» **Task description**
Read the records below. Copy each line where the string "blind" occurs.

Dataset items
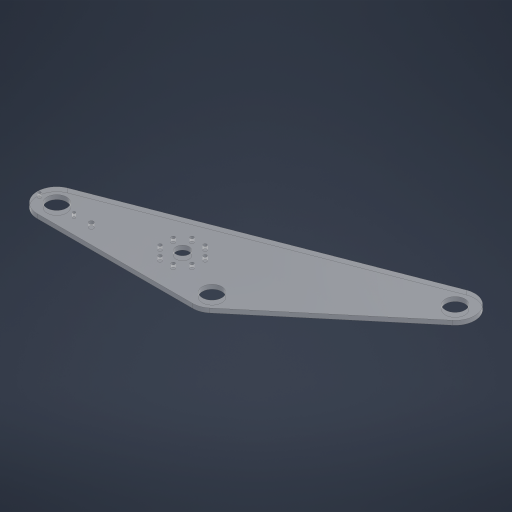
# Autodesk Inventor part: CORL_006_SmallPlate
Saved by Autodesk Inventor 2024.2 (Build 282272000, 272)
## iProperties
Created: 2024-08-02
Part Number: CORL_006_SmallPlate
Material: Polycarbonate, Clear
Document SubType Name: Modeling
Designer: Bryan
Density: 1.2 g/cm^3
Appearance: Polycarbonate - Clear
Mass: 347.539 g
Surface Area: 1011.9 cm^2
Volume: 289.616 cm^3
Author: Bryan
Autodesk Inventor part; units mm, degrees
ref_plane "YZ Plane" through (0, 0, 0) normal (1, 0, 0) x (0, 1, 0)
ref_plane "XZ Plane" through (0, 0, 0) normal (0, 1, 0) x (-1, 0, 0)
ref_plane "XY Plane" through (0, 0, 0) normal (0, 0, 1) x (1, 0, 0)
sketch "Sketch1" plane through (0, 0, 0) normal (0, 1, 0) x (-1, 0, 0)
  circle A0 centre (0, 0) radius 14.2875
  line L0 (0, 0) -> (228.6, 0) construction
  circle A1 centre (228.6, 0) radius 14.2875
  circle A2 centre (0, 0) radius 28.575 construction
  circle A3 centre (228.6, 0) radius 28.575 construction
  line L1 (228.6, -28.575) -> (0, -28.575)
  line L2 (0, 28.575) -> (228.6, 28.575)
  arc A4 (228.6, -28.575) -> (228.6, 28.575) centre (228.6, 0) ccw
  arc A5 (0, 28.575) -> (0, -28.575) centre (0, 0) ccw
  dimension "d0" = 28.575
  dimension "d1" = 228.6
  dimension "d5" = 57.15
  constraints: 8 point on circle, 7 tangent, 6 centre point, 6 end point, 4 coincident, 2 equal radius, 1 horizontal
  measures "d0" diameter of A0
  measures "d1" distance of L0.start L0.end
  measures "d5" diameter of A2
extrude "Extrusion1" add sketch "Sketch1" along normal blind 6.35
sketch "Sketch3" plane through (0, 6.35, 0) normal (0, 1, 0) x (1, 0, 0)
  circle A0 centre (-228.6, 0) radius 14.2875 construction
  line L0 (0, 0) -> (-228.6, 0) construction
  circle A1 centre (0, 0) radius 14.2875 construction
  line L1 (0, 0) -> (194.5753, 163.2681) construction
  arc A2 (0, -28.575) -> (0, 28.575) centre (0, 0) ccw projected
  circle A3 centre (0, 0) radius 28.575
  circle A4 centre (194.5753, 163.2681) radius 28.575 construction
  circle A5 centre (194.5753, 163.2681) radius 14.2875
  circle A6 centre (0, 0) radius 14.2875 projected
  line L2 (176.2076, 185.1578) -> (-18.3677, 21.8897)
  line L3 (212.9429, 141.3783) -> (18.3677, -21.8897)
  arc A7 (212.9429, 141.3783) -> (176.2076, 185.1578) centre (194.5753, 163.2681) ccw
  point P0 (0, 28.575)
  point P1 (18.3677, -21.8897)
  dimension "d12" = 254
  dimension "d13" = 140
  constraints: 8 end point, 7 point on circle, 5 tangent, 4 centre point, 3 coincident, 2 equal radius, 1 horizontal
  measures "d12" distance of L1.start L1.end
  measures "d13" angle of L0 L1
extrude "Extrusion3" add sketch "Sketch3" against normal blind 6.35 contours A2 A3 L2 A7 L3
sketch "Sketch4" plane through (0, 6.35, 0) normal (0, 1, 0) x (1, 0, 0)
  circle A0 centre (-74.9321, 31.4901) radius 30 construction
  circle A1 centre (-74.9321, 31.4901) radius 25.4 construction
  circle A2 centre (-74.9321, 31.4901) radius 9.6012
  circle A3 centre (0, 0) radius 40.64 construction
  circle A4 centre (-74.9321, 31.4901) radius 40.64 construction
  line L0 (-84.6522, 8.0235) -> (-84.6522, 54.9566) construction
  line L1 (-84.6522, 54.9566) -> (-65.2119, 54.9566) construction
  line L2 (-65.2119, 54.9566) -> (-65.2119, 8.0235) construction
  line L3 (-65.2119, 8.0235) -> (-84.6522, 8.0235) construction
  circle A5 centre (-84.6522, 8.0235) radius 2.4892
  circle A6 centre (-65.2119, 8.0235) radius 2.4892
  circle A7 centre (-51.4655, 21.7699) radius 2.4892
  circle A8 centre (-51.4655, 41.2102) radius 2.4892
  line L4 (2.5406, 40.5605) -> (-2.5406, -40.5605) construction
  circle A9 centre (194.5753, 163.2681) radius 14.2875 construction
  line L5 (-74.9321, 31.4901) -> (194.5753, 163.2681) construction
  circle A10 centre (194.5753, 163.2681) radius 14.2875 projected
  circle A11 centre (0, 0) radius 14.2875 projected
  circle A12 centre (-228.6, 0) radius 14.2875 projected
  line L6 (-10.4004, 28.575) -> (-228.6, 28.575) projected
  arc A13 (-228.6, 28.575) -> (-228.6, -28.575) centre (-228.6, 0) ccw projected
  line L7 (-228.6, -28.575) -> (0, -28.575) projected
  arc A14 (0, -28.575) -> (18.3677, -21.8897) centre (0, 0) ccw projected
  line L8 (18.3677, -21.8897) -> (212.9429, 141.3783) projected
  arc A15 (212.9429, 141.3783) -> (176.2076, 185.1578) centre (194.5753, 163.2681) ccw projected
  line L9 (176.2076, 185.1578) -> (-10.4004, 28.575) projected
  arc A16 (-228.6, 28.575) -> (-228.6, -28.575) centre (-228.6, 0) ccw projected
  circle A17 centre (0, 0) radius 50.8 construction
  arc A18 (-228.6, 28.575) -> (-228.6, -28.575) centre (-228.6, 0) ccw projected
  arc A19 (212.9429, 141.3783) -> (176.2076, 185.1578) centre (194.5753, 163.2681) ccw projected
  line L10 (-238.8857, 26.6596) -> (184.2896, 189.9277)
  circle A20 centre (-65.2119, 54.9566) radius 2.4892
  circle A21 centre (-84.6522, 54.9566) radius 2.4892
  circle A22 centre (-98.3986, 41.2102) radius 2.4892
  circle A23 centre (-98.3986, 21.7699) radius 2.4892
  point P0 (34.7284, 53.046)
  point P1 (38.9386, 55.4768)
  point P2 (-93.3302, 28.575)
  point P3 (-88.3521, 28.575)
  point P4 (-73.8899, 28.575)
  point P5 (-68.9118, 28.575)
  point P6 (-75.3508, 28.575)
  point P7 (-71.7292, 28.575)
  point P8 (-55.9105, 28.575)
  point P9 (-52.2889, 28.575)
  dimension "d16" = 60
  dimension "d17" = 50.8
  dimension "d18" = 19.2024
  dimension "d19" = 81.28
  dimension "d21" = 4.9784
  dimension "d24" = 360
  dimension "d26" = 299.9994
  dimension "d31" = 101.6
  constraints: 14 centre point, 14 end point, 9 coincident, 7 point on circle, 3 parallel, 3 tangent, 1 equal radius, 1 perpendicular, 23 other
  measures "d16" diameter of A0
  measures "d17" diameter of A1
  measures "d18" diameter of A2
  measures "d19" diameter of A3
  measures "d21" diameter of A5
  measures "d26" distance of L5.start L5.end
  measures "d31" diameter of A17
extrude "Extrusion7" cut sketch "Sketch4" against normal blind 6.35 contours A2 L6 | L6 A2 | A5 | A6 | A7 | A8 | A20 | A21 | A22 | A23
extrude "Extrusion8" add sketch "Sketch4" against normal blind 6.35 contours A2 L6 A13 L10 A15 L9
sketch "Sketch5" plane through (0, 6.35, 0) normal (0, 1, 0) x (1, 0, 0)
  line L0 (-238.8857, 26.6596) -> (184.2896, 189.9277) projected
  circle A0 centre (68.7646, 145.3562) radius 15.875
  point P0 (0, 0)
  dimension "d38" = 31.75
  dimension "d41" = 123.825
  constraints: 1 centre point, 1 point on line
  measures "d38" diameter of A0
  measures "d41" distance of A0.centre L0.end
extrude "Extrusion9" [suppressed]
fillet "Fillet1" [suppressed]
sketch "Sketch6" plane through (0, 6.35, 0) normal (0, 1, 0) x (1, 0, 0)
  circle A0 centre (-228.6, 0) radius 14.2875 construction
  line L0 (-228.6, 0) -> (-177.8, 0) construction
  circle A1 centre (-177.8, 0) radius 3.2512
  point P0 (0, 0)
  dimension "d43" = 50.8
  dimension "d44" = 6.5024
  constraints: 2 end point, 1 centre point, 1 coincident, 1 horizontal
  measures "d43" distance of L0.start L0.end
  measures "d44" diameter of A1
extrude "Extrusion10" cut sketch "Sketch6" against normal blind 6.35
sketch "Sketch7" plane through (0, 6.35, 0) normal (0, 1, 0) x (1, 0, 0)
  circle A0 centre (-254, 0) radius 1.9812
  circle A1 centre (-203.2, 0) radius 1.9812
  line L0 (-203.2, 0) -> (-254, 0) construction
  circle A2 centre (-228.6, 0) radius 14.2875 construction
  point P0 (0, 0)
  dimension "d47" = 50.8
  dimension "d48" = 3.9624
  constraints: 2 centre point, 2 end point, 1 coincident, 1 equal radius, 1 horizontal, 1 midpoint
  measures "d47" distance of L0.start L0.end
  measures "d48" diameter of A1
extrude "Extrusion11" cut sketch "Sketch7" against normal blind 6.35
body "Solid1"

» **Result of this exercise**
extrude "Extrusion1" add sketch "Sketch1" along normal blind 6.35
extrude "Extrusion3" add sketch "Sketch3" against normal blind 6.35 contours A2 A3 L2 A7 L3
extrude "Extrusion7" cut sketch "Sketch4" against normal blind 6.35 contours A2 L6 | L6 A2 | A5 | A6 | A7 | A8 | A20 | A21 | A22 | A23
extrude "Extrusion8" add sketch "Sketch4" against normal blind 6.35 contours A2 L6 A13 L10 A15 L9
extrude "Extrusion10" cut sketch "Sketch6" against normal blind 6.35
extrude "Extrusion11" cut sketch "Sketch7" against normal blind 6.35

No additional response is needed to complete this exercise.